**EXERCISE BRIEF**
Only the number is needed: the count of lines in the records with the word "distance".

Stored dataset items
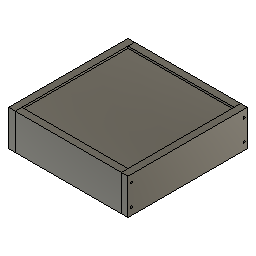
frame_16x16 (Autodesk Fusion 360 design; units mm, degrees)
Autodesk Fusion 360 part; units mm, degrees
note: some values were not read from the file. Set by a fixed rule: which sketch regions a step uses.
(part 1 of 4)
sketch "Sketch1" plane through (0, 0, 0) normal (0, 0, 1) x (1, 0, 0) in component "LED_Pannel"
  line L0 (0, 0) -> (160, 0)
  line L1 (160, 0) -> (160, 160)
  line L2 (160, 160) -> (0, 160)
  line L3 (0, 160) -> (0, 0)
  dimension "d1" = 160
  dimension "d2" = 160
  constraint horizontal L0
  constraint vertical L1
  constraint horizontal L2
  constraint vertical L3
  constraint coincident L0.start L3.end
  measures "d1" distance of L0.start L0.end
  measures "d2" distance of L0.start L2.end
extrude "Extrude1" add sketch "Sketch1" along normal blind 0.2 makes body 1 in component "LED_Pannel"
sketch "Sketch2" plane through (0, 0, 0.2) normal (0, 0, 1) x (-1, 0, 0) in component "LED_Pannel"
  line L0 (0, -160) -> (0, 0)
  line L1 (0, 0) -> (-160, 0)
  line L2 (-160, 0) -> (-160, -160)
  line L3 (-160, -160) -> (0, -160)
  line L4 (-2.5, -2.5) -> (-7.5, -2.5)
  line L5 (-7.5, -2.5) -> (-7.5, -7.5)
  line L6 (-7.5, -7.5) -> (-2.5, -7.5)
  line L7 (-2.5, -7.5) -> (-2.5, -2.5)
  line L8 (-12.5, -7.5) -> (-12.5, -2.5)
  line L9 (-17.5, -7.5) -> (-12.5, -7.5)
  line L10 (-17.5, -2.5) -> (-17.5, -7.5)
  line L11 (-12.5, -2.5) -> (-17.5, -2.5)
  line L12 (-22.5, -7.5) -> (-22.5, -2.5)
  line L13 (-27.5, -7.5) -> (-22.5, -7.5)
  line L14 (-27.5, -2.5) -> (-27.5, -7.5)
  line L15 (-22.5, -2.5) -> (-27.5, -2.5)
  line L16 (-32.5, -7.5) -> (-32.5, -2.5)
  line L17 (-37.5, -7.5) -> (-32.5, -7.5)
  line L18 (-37.5, -2.5) -> (-37.5, -7.5)
  line L19 (-32.5, -2.5) -> (-37.5, -2.5)
  line L20 (-42.5, -7.5) -> (-42.5, -2.5)
  line L21 (-47.5, -7.5) -> (-42.5, -7.5)
  line L22 (-47.5, -2.5) -> (-47.5, -7.5)
  line L23 (-42.5, -2.5) -> (-47.5, -2.5)
  line L24 (-52.5, -7.5) -> (-52.5, -2.5)
  line L25 (-57.5, -7.5) -> (-52.5, -7.5)
  line L26 (-57.5, -2.5) -> (-57.5, -7.5)
  line L27 (-52.5, -2.5) -> (-57.5, -2.5)
  line L28 (-62.5, -7.5) -> (-62.5, -2.5)
  line L29 (-67.5, -7.5) -> (-62.5, -7.5)
  line L30 (-67.5, -2.5) -> (-67.5, -7.5)
  line L31 (-62.5, -2.5) -> (-67.5, -2.5)
  line L32 (-72.5, -7.5) -> (-72.5, -2.5)
  line L33 (-77.5, -7.5) -> (-72.5, -7.5)
  line L34 (-77.5, -2.5) -> (-77.5, -7.5)
  line L35 (-72.5, -2.5) -> (-77.5, -2.5)
  line L36 (-82.5, -7.5) -> (-82.5, -2.5)
  line L37 (-87.5, -7.5) -> (-82.5, -7.5)
  line L38 (-87.5, -2.5) -> (-87.5, -7.5)
  line L39 (-82.5, -2.5) -> (-87.5, -2.5)
  line L40 (-92.5, -7.5) -> (-92.5, -2.5)
  line L41 (-97.5, -7.5) -> (-92.5, -7.5)
  line L42 (-97.5, -2.5) -> (-97.5, -7.5)
  line L43 (-92.5, -2.5) -> (-97.5, -2.5)
  line L44 (-102.5, -7.5) -> (-102.5, -2.5)
  line L45 (-107.5, -7.5) -> (-102.5, -7.5)
  line L46 (-107.5, -2.5) -> (-107.5, -7.5)
  line L47 (-102.5, -2.5) -> (-107.5, -2.5)
  line L48 (-112.5, -7.5) -> (-112.5, -2.5)
  line L49 (-117.5, -7.5) -> (-112.5, -7.5)
  line L50 (-117.5, -2.5) -> (-117.5, -7.5)
  line L51 (-112.5, -2.5) -> (-117.5, -2.5)
  line L52 (-122.5, -7.5) -> (-122.5, -2.5)
  line L53 (-127.5, -7.5) -> (-122.5, -7.5)
  line L54 (-127.5, -2.5) -> (-127.5, -7.5)
  line L55 (-122.5, -2.5) -> (-127.5, -2.5)
  line L56 (-132.5, -7.5) -> (-132.5, -2.5)
  line L57 (-137.5, -7.5) -> (-132.5, -7.5)
  line L58 (-137.5, -2.5) -> (-137.5, -7.5)
  line L59 (-132.5, -2.5) -> (-137.5, -2.5)
  line L60 (-142.5, -7.5) -> (-142.5, -2.5)
  line L61 (-147.5, -7.5) -> (-142.5, -7.5)
  line L62 (-147.5, -2.5) -> (-147.5, -7.5)
  line L63 (-142.5, -2.5) -> (-147.5, -2.5)
  line L64 (-152.5, -7.5) -> (-152.5, -2.5)
  line L65 (-157.5, -7.5) -> (-152.5, -7.5)
  line L66 (-157.5, -2.5) -> (-157.5, -7.5)
  line L67 (-152.5, -2.5) -> (-157.5, -2.5)
  line L68 (-2.5, -17.5) -> (-2.5, -12.5)
  line L69 (-7.5, -17.5) -> (-2.5, -17.5)
  line L70 (-7.5, -12.5) -> (-7.5, -17.5)
  line L71 (-2.5, -12.5) -> (-7.5, -12.5)
  line L72 (-12.5, -17.5) -> (-12.5, -12.5)
  line L73 (-17.5, -17.5) -> (-12.5, -17.5)
  line L74 (-17.5, -12.5) -> (-17.5, -17.5)
  line L75 (-12.5, -12.5) -> (-17.5, -12.5)
  line L76 (-22.5, -17.5) -> (-22.5, -12.5)
  line L77 (-27.5, -17.5) -> (-22.5, -17.5)
  line L78 (-27.5, -12.5) -> (-27.5, -17.5)
  line L79 (-22.5, -12.5) -> (-27.5, -12.5)
  line L80 (-32.5, -17.5) -> (-32.5, -12.5)
  line L81 (-37.5, -17.5) -> (-32.5, -17.5)
  line L82 (-37.5, -12.5) -> (-37.5, -17.5)
  line L83 (-32.5, -12.5) -> (-37.5, -12.5)
  line L84 (-42.5, -17.5) -> (-42.5, -12.5)
  line L85 (-47.5, -17.5) -> (-42.5, -17.5)
  line L86 (-47.5, -12.5) -> (-47.5, -17.5)
  line L87 (-42.5, -12.5) -> (-47.5, -12.5)
  line L88 (-52.5, -17.5) -> (-52.5, -12.5)
  line L89 (-57.5, -17.5) -> (-52.5, -17.5)
  line L90 (-57.5, -12.5) -> (-57.5, -17.5)
  line L91 (-52.5, -12.5) -> (-57.5, -12.5)
  line L92 (-62.5, -17.5) -> (-62.5, -12.5)
  line L93 (-67.5, -17.5) -> (-62.5, -17.5)
  line L94 (-67.5, -12.5) -> (-67.5, -17.5)
  line L95 (-62.5, -12.5) -> (-67.5, -12.5)
  line L96 (-72.5, -17.5) -> (-72.5, -12.5)
  line L97 (-77.5, -17.5) -> (-72.5, -17.5)
  line L98 (-77.5, -12.5) -> (-77.5, -17.5)
  line L99 (-72.5, -12.5) -> (-77.5, -12.5)
  line L100 (-82.5, -17.5) -> (-82.5, -12.5)
  line L101 (-87.5, -17.5) -> (-82.5, -17.5)
  line L102 (-87.5, -12.5) -> (-87.5, -17.5)
  line L103 (-82.5, -12.5) -> (-87.5, -12.5)
  line L104 (-92.5, -17.5) -> (-92.5, -12.5)
  line L105 (-97.5, -17.5) -> (-92.5, -17.5)
  line L106 (-97.5, -12.5) -> (-97.5, -17.5)
  line L107 (-92.5, -12.5) -> (-97.5, -12.5)
  line L108 (-102.5, -17.5) -> (-102.5, -12.5)
  line L109 (-107.5, -17.5) -> (-102.5, -17.5)
  line L110 (-107.5, -12.5) -> (-107.5, -17.5)
  line L111 (-102.5, -12.5) -> (-107.5, -12.5)
  line L112 (-112.5, -17.5) -> (-112.5, -12.5)
  line L113 (-117.5, -17.5) -> (-112.5, -17.5)
  line L114 (-117.5, -12.5) -> (-117.5, -17.5)
  line L115 (-112.5, -12.5) -> (-117.5, -12.5)
  line L116 (-122.5, -17.5) -> (-122.5, -12.5)
  line L117 (-127.5, -17.5) -> (-122.5, -17.5)
  line L118 (-127.5, -12.5) -> (-127.5, -17.5)
  line L119 (-122.5, -12.5) -> (-127.5, -12.5)
  line L120 (-132.5, -17.5) -> (-132.5, -12.5)
  line L121 (-137.5, -17.5) -> (-132.5, -17.5)
  line L122 (-137.5, -12.5) -> (-137.5, -17.5)
  line L123 (-132.5, -12.5) -> (-137.5, -12.5)
  line L124 (-142.5, -17.5) -> (-142.5, -12.5)
  line L125 (-147.5, -17.5) -> (-142.5, -17.5)
  line L126 (-147.5, -12.5) -> (-147.5, -17.5)
  line L127 (-142.5, -12.5) -> (-147.5, -12.5)
  line L128 (-152.5, -17.5) -> (-152.5, -12.5)
  line L129 (-157.5, -17.5) -> (-152.5, -17.5)
  line L130 (-157.5, -12.5) -> (-157.5, -17.5)
  line L131 (-152.5, -12.5) -> (-157.5, -12.5)
  line L132 (-2.5, -27.5) -> (-2.5, -22.5)
  line L133 (-7.5, -27.5) -> (-2.5, -27.5)
  line L134 (-7.5, -22.5) -> (-7.5, -27.5)
  line L135 (-2.5, -22.5) -> (-7.5, -22.5)
  line L136 (-12.5, -27.5) -> (-12.5, -22.5)
  line L137 (-17.5, -27.5) -> (-12.5, -27.5)
  line L138 (-17.5, -22.5) -> (-17.5, -27.5)
  line L139 (-12.5, -22.5) -> (-17.5, -22.5)
  line L140 (-22.5, -27.5) -> (-22.5, -22.5)
  line L141 (-27.5, -27.5) -> (-22.5, -27.5)
  line L142 (-27.5, -22.5) -> (-27.5, -27.5)
  line L143 (-22.5, -22.5) -> (-27.5, -22.5)
  line L144 (-32.5, -27.5) -> (-32.5, -22.5)
  line L145 (-37.5, -27.5) -> (-32.5, -27.5)
  line L146 (-37.5, -22.5) -> (-37.5, -27.5)
  line L147 (-32.5, -22.5) -> (-37.5, -22.5)
  line L148 (-42.5, -27.5) -> (-42.5, -22.5)
  line L149 (-47.5, -27.5) -> (-42.5, -27.5)
  line L150 (-47.5, -22.5) -> (-47.5, -27.5)
  line L151 (-42.5, -22.5) -> (-47.5, -22.5)
  line L152 (-52.5, -27.5) -> (-52.5, -22.5)
  line L153 (-57.5, -27.5) -> (-52.5, -27.5)
  line L154 (-57.5, -22.5) -> (-57.5, -27.5)
  line L155 (-52.5, -22.5) -> (-57.5, -22.5)
  line L156 (-62.5, -27.5) -> (-62.5, -22.5)
  line L157 (-67.5, -27.5) -> (-62.5, -27.5)
  line L158 (-67.5, -22.5) -> (-67.5, -27.5)
  line L159 (-62.5, -22.5) -> (-67.5, -22.5)
  line L160 (-72.5, -27.5) -> (-72.5, -22.5)
  line L161 (-77.5, -27.5) -> (-72.5, -27.5)
  line L162 (-77.5, -22.5) -> (-77.5, -27.5)
  line L163 (-72.5, -22.5) -> (-77.5, -22.5)
  line L164 (-82.5, -27.5) -> (-82.5, -22.5)
  line L165 (-87.5, -27.5) -> (-82.5, -27.5)
  line L166 (-87.5, -22.5) -> (-87.5, -27.5)
  line L167 (-82.5, -22.5) -> (-87.5, -22.5)
  line L168 (-92.5, -27.5) -> (-92.5, -22.5)
  line L169 (-97.5, -27.5) -> (-92.5, -27.5)
  line L170 (-97.5, -22.5) -> (-97.5, -27.5)
  line L171 (-92.5, -22.5) -> (-97.5, -22.5)
  line L172 (-102.5, -27.5) -> (-102.5, -22.5)
  line L173 (-107.5, -27.5) -> (-102.5, -27.5)
  line L174 (-107.5, -22.5) -> (-107.5, -27.5)
  line L175 (-102.5, -22.5) -> (-107.5, -22.5)
  line L176 (-112.5, -27.5) -> (-112.5, -22.5)
  line L177 (-117.5, -27.5) -> (-112.5, -27.5)
  line L178 (-117.5, -22.5) -> (-117.5, -27.5)
  line L179 (-112.5, -22.5) -> (-117.5, -22.5)
  line L180 (-122.5, -27.5) -> (-122.5, -22.5)
  line L181 (-127.5, -27.5) -> (-122.5, -27.5)
  line L182 (-127.5, -22.5) -> (-127.5, -27.5)
  line L183 (-122.5, -22.5) -> (-127.5, -22.5)
  line L184 (-132.5, -27.5) -> (-132.5, -22.5)
  line L185 (-137.5, -27.5) -> (-132.5, -27.5)
  line L186 (-137.5, -22.5) -> (-137.5, -27.5)
  line L187 (-132.5, -22.5) -> (-137.5, -22.5)
  line L188 (-142.5, -27.5) -> (-142.5, -22.5)
  line L189 (-147.5, -27.5) -> (-142.5, -27.5)
  line L190 (-147.5, -22.5) -> (-147.5, -27.5)
  line L191 (-142.5, -22.5) -> (-147.5, -22.5)
  line L192 (-152.5, -27.5) -> (-152.5, -22.5)
  line L193 (-157.5, -27.5) -> (-152.5, -27.5)
  line L194 (-157.5, -22.5) -> (-157.5, -27.5)
  line L195 (-152.5, -22.5) -> (-157.5, -22.5)
  line L196 (-2.5, -37.5) -> (-2.5, -32.5)
  line L197 (-7.5, -37.5) -> (-2.5, -37.5)
  line L198 (-7.5, -32.5) -> (-7.5, -37.5)
  line L199 (-2.5, -32.5) -> (-7.5, -32.5)
  line L200 (-12.5, -37.5) -> (-12.5, -32.5)
  line L201 (-17.5, -37.5) -> (-12.5, -37.5)
  line L202 (-17.5, -32.5) -> (-17.5, -37.5)
  line L203 (-12.5, -32.5) -> (-17.5, -32.5)
  line L204 (-22.5, -37.5) -> (-22.5, -32.5)
  line L205 (-27.5, -37.5) -> (-22.5, -37.5)
  line L206 (-27.5, -32.5) -> (-27.5, -37.5)
  line L207 (-22.5, -32.5) -> (-27.5, -32.5)
  line L208 (-32.5, -37.5) -> (-32.5, -32.5)
  line L209 (-37.5, -37.5) -> (-32.5, -37.5)
  line L210 (-37.5, -32.5) -> (-37.5, -37.5)
  line L211 (-32.5, -32.5) -> (-37.5, -32.5)
  line L212 (-42.5, -37.5) -> (-42.5, -32.5)
  line L213 (-47.5, -37.5) -> (-42.5, -37.5)
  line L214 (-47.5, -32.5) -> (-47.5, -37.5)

**WRITTEN ANSWER**
2